### TASK INSTRUCTIONS
With the material below, print exactly the lines between the line holding "- C37, C52, R12, R13, R19, R20: moved to B.Cu" and the line holding "- net Net-(U5-HB): track 0.00 -> 3.53 mm", inclusive. Add nothing else.

### DATA

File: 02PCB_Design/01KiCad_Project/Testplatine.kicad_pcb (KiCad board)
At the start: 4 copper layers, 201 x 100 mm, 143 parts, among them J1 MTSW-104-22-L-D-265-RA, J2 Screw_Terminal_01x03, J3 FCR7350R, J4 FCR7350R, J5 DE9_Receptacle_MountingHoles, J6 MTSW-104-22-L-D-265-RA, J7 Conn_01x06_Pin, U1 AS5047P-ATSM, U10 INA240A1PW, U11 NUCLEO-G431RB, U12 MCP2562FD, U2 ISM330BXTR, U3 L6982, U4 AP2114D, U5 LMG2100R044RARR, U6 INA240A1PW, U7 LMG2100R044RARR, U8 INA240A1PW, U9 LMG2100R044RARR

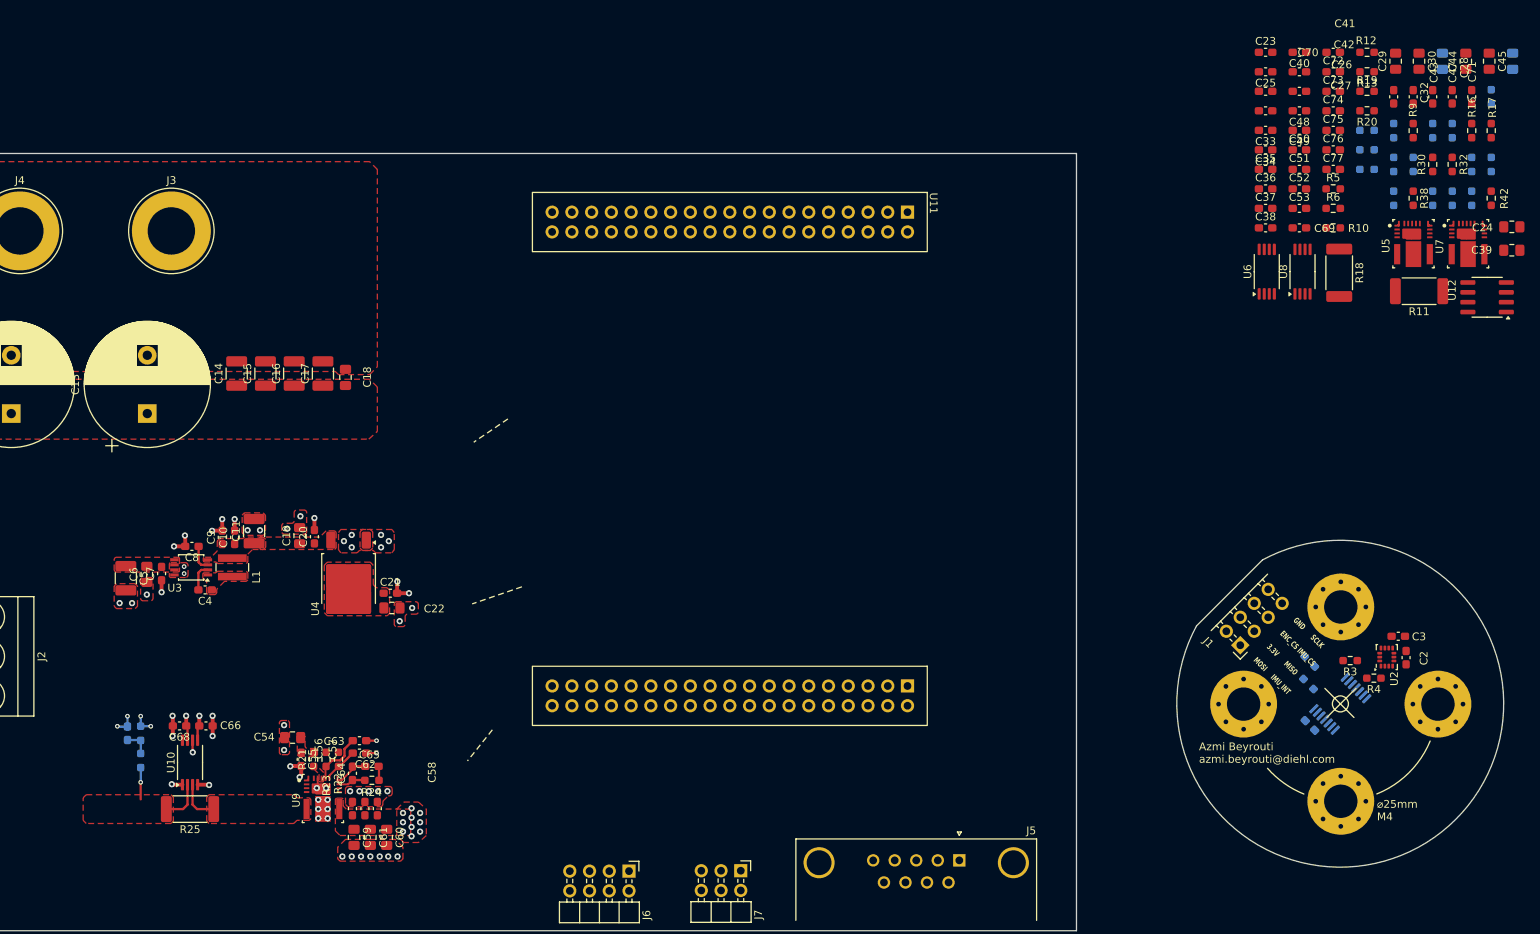
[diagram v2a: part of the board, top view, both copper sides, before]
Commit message: added plugins, copied layout
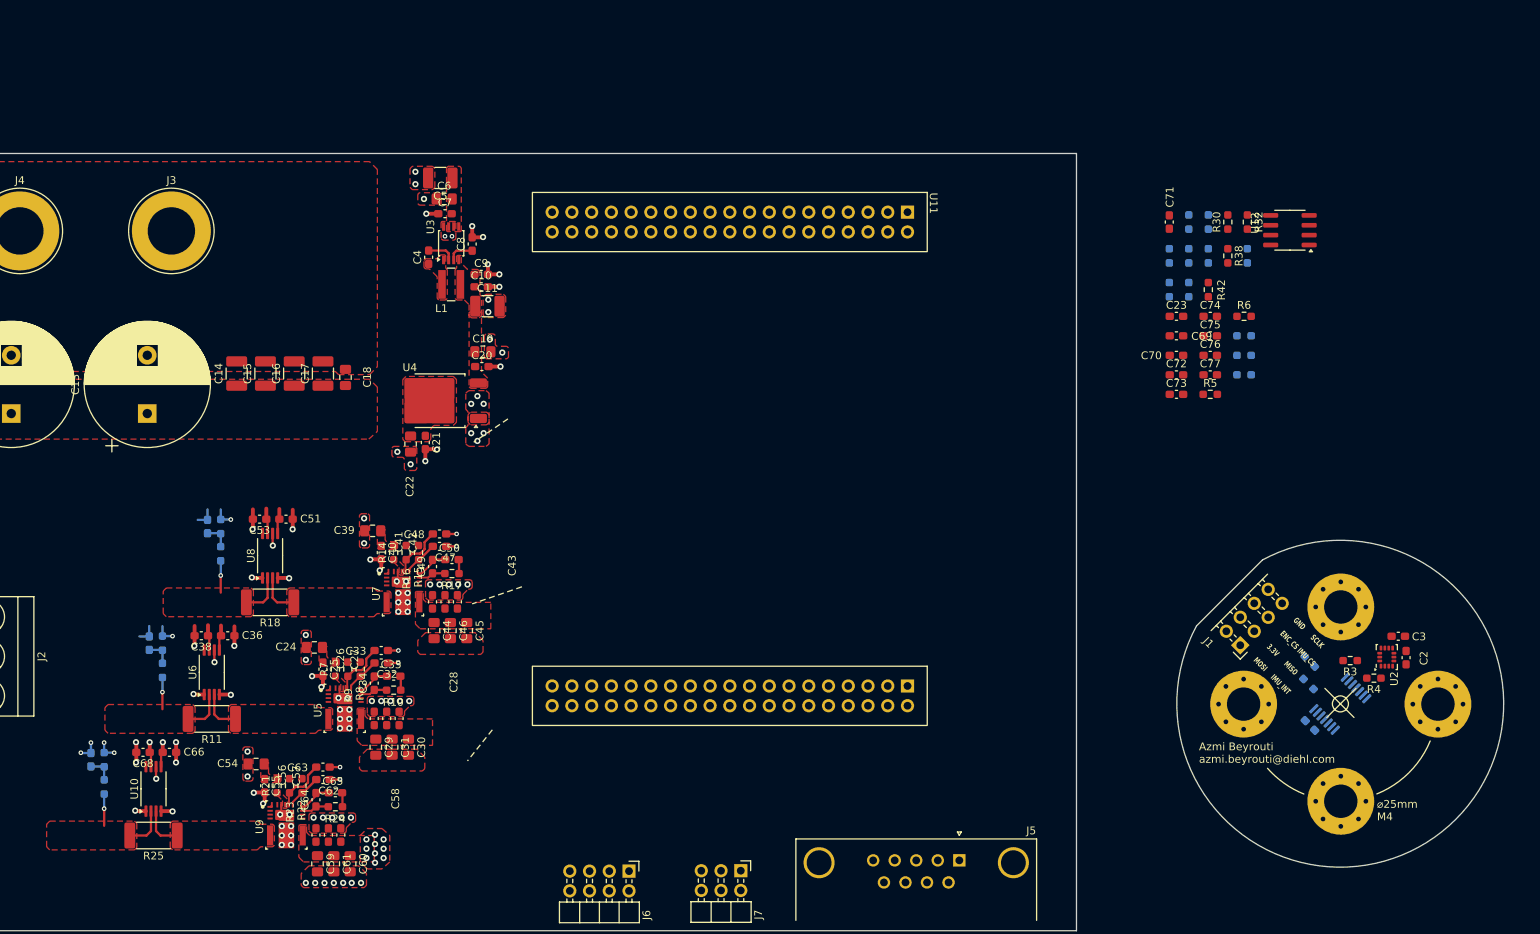
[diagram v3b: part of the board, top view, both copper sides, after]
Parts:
- C31, C46, R14, R15, R7, R8: moved to F.Cu
- C37, C52, R12, R13, R19, R20: moved to B.Cu
- moved R12 174.2 mm to (72.2, 106.0), turned to 90 degrees
- moved R13 171.5 mm to (72.2, 102.5), turned to 90 degrees
- moved R7 165.9 mm to (94.4, 105.8)
- moved R11 164.8 mm to (78.5, 112.2)
- moved C24 163.3 mm to (91.7, 103.0)
- moved C31 161.4 mm to (101.7, 115.8)
- moved R19 159.0 mm to (79.7, 91.0), turned to 90 degrees
- moved C29 158.1 mm to (99.6, 115.8), turned to -90 degrees
- moved C30 157.1 mm to (103.8, 115.8)
- moved R20 156.9 mm to (79.7, 87.5), turned to 90 degrees
- moved C46 155.1 mm to (109.2, 100.8)
- moved C37 154.1 mm to (70.5, 102.5), turned to 90 degrees
- moved R9 153.6 mm to (96.0, 105.8), turned to -90 degrees
- moved C44 151.6 mm to (107.1, 100.8), turned to -90 degrees
- moved C32 151.4 mm to (100.3, 105.0), turned to 0 degrees
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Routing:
- net GNDA: track 35.0 -> 78.5 mm, vias 57 -> 95
- net +3.3V: track 6.63 -> 19.6 mm
- net /escSheet/HalfBridgePowerStage2/PH_OUT: track 0.00 -> 9.61 mm, vias 0 -> 1
- net /escSheet/HalfBridgePowerStage1/PH_OUT: track 0.00 -> 9.61 mm, vias 0 -> 1
- net Net-(U5-LI): track 0.00 -> 7.22 mm
- net Net-(U7-LI): track 0.00 -> 7.22 mm
- net /escSheet/HalfBridgePowerStage2/SW: track 0.00 -> 5.53 mm
- net /escSheet/HalfBridgePowerStage1/SW: track 0.00 -> 5.53 mm
- net Net-(U7-HS): track 0.00 -> 4.60 mm
- net Net-(U5-HS): track 0.00 -> 4.60 mm
- net Net-(U7-HI): track 0.00 -> 4.56 mm
- net Net-(U5-HI): track 0.00 -> 4.56 mm
- net Net-(U7-HB): track 0.00 -> 3.53 mm
- net Net-(U5-HB): track 0.00 -> 3.53 mm
- net /escSheet/HalfBridgePowerStage2/V_PHASE: track 0.00 -> 3.40 mm
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- added copper zone on F.Cu, net /escSheet/HalfBridgePowerStage1/PH_OUT
- added copper zone on F.Cu, net /escSheet/HalfBridgePowerStage1/SW
- added copper zone on F.Cu, net /escSheet/HalfBridgePowerStage2/PH_OUT
- added copper zone on F.Cu, net /escSheet/HalfBridgePowerStage2/SW
- added copper zone on F.Cu, net Net-(U5-VCC)
- added copper zone on F.Cu, net Net-(U7-VCC)

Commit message: sensor sheet & Power delivery
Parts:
- removed J1: MTSW-104-22-L-D-265-RA, Connector_PinHeader_2.54mm:PinHeader_2x04_P2.54mm_Horizontal
- added J8: RJ45-8N-B, RJ45-8N-B:TE_RJ45-8N-B, B.Cu at (229.8, 96.5)
- C1, R1: moved to F.Cu
- moved C26 180.3 mm to (271.6, 58.7)
- moved C28 180.3 mm to (274.8, 58.7)
- moved C29 180.3 mm to (271.8, 62.4)
- moved C34 180.3 mm to (271.6, 54.2)
- moved C35 180.3 mm to (274.1, 53.3)
- moved R10 180.3 mm to (274.1, 55.1)
- moved R7 180.3 mm to (266.6, 52.4)
- moved R8 180.3 mm to (269.8, 52.4)
- moved U5 180.3 mm to (267.8, 57.4)
- moved C24 180.3 mm to (263.9, 49.6)
- moved C25 180.3 mm to (265.0, 52.4)
- moved C27 180.3 mm to (273.2, 58.7)
- moved C30 180.3 mm to (276.0, 62.4)
- moved C31 180.3 mm to (273.9, 62.4)
- moved C32 180.3 mm to (272.5, 51.6)
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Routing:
- net /SensorSheet/SPI_MOSI: track 0.00 -> 37.7 mm, vias 0 -> 1
- net /SensorSheet/SPI_SCLK: track 0.00 -> 37.3 mm, vias 0 -> 1
- net /SensorSheet/SPI_MISO: track 0.00 -> 33.8 mm, vias 0 -> 1
- net /SensorSheet/IMU_INT1: track 0.00 -> 22.0 mm, vias 0 -> 2
- net /SensorSheet/ENC_CS: track 0.00 -> 18.0 mm, vias 0 -> 2
- net /SensorSheet/IMU_CS: track 0.00 -> 17.7 mm, vias 0 -> 1
- net GND1: track 0.00 -> 11.5 mm, vias 0 -> 8
- net +3.3VP: track 0.00 -> 11.1 mm, vias 0 -> 5
- net Net-(U1-MISO): track 0.00 -> 1.86 mm
- net Net-(U2-SDO/TA0): track 0.00 -> 1.48 mm
- added copper zone on In2.Cu, net +24V
- added copper zone on B.Cu, net +3.3VP
- added copper zone on F.Cu, net +3.3VP
- added copper zone on In2.Cu, net +3.3VP
- added copper zone on B.Cu, net GND1
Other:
- board size 201 x 100 mm -> 217.9 x 112.1 mm
- board text added: "Falsch Herum?"
- board text removed: "Azmi Beyrouti azmi.beyrouti@diehl.com"
- board text removed: "GND ENC_CS 3.3V MOSI"
- board text removed: "SCLK IMU_CS MISO IMU_INT"
- board text removed: "⌀25mm M4"

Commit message: revised halfbridge 24V input
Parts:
- moved C61 53.3 mm to (102.4, 117.2), turned to 0 degrees
- moved R22 53.2 mm to (100.1, 107.4)
- moved R23 53.1 mm to (96.9, 107.4)
- moved C56 53.1 mm to (102.2, 113.9), turned to 0 degrees
- moved C62 52.3 mm to (101.7, 107.4), turned to 90 degrees
- moved C54 52.2 mm to (92.6, 105.5)
- moved C66 52.2 mm to (81.3, 104.0)
- moved C68 52.2 mm to (77.9, 104.0)
- moved C67 52.2 mm to (71.2, 105.0)
- moved R25 52.2 mm to (79.3, 114.7)
- moved R26 52.2 mm to (72.9, 108.5)
- moved R27 52.2 mm to (72.9, 105.0)
- moved U10 52.2 mm to (79.3, 108.7)
- moved U9 52.2 mm to (96.4, 113.4)
- moved C55 52.2 mm to (93.6, 108.3)
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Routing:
- net Net-(U9-LI): track 7.22 -> 4.18 mm
- net +3.3VP: track 11.1 -> 12.5 mm, vias 5 -> 6
- net Net-(U9-HI): track 4.56 -> 5.50 mm
- net Net-(U9-HS): track 4.60 -> 4.09 mm
- net GNDA: track 78.5 -> 78.4 mm, vias 95 -> 100
- net +24V: vias 28 -> 27

### YOUR RESPONSE
- C37, C52, R12, R13, R19, R20: moved to B.Cu
- moved R12 174.2 mm to (72.2, 106.0), turned to 90 degrees
- moved R13 171.5 mm to (72.2, 102.5), turned to 90 degrees
- moved R7 165.9 mm to (94.4, 105.8)
- moved R11 164.8 mm to (78.5, 112.2)
- moved C24 163.3 mm to (91.7, 103.0)
- moved C31 161.4 mm to (101.7, 115.8)
- moved R19 159.0 mm to (79.7, 91.0), turned to 90 degrees
- moved C29 158.1 mm to (99.6, 115.8), turned to -90 degrees
- moved C30 157.1 mm to (103.8, 115.8)
- moved R20 156.9 mm to (79.7, 87.5), turned to 90 degrees
- moved C46 155.1 mm to (109.2, 100.8)
- moved C37 154.1 mm to (70.5, 102.5), turned to 90 degrees
- moved R9 153.6 mm to (96.0, 105.8), turned to -90 degrees
- moved C44 151.6 mm to (107.1, 100.8), turned to -90 degrees
- moved C32 151.4 mm to (100.3, 105.0), turned to 0 degrees
Routing:
- net GNDA: track 35.0 -> 78.5 mm, vias 57 -> 95
- net +3.3V: track 6.63 -> 19.6 mm
- net /escSheet/HalfBridgePowerStage2/PH_OUT: track 0.00 -> 9.61 mm, vias 0 -> 1
- net /escSheet/HalfBridgePowerStage1/PH_OUT: track 0.00 -> 9.61 mm, vias 0 -> 1
- net Net-(U5-LI): track 0.00 -> 7.22 mm
- net Net-(U7-LI): track 0.00 -> 7.22 mm
- net /escSheet/HalfBridgePowerStage2/SW: track 0.00 -> 5.53 mm
- net /escSheet/HalfBridgePowerStage1/SW: track 0.00 -> 5.53 mm
- net Net-(U7-HS): track 0.00 -> 4.60 mm
- net Net-(U5-HS): track 0.00 -> 4.60 mm
- net Net-(U7-HI): track 0.00 -> 4.56 mm
- net Net-(U5-HI): track 0.00 -> 4.56 mm
- net Net-(U7-HB): track 0.00 -> 3.53 mm
- net Net-(U5-HB): track 0.00 -> 3.53 mm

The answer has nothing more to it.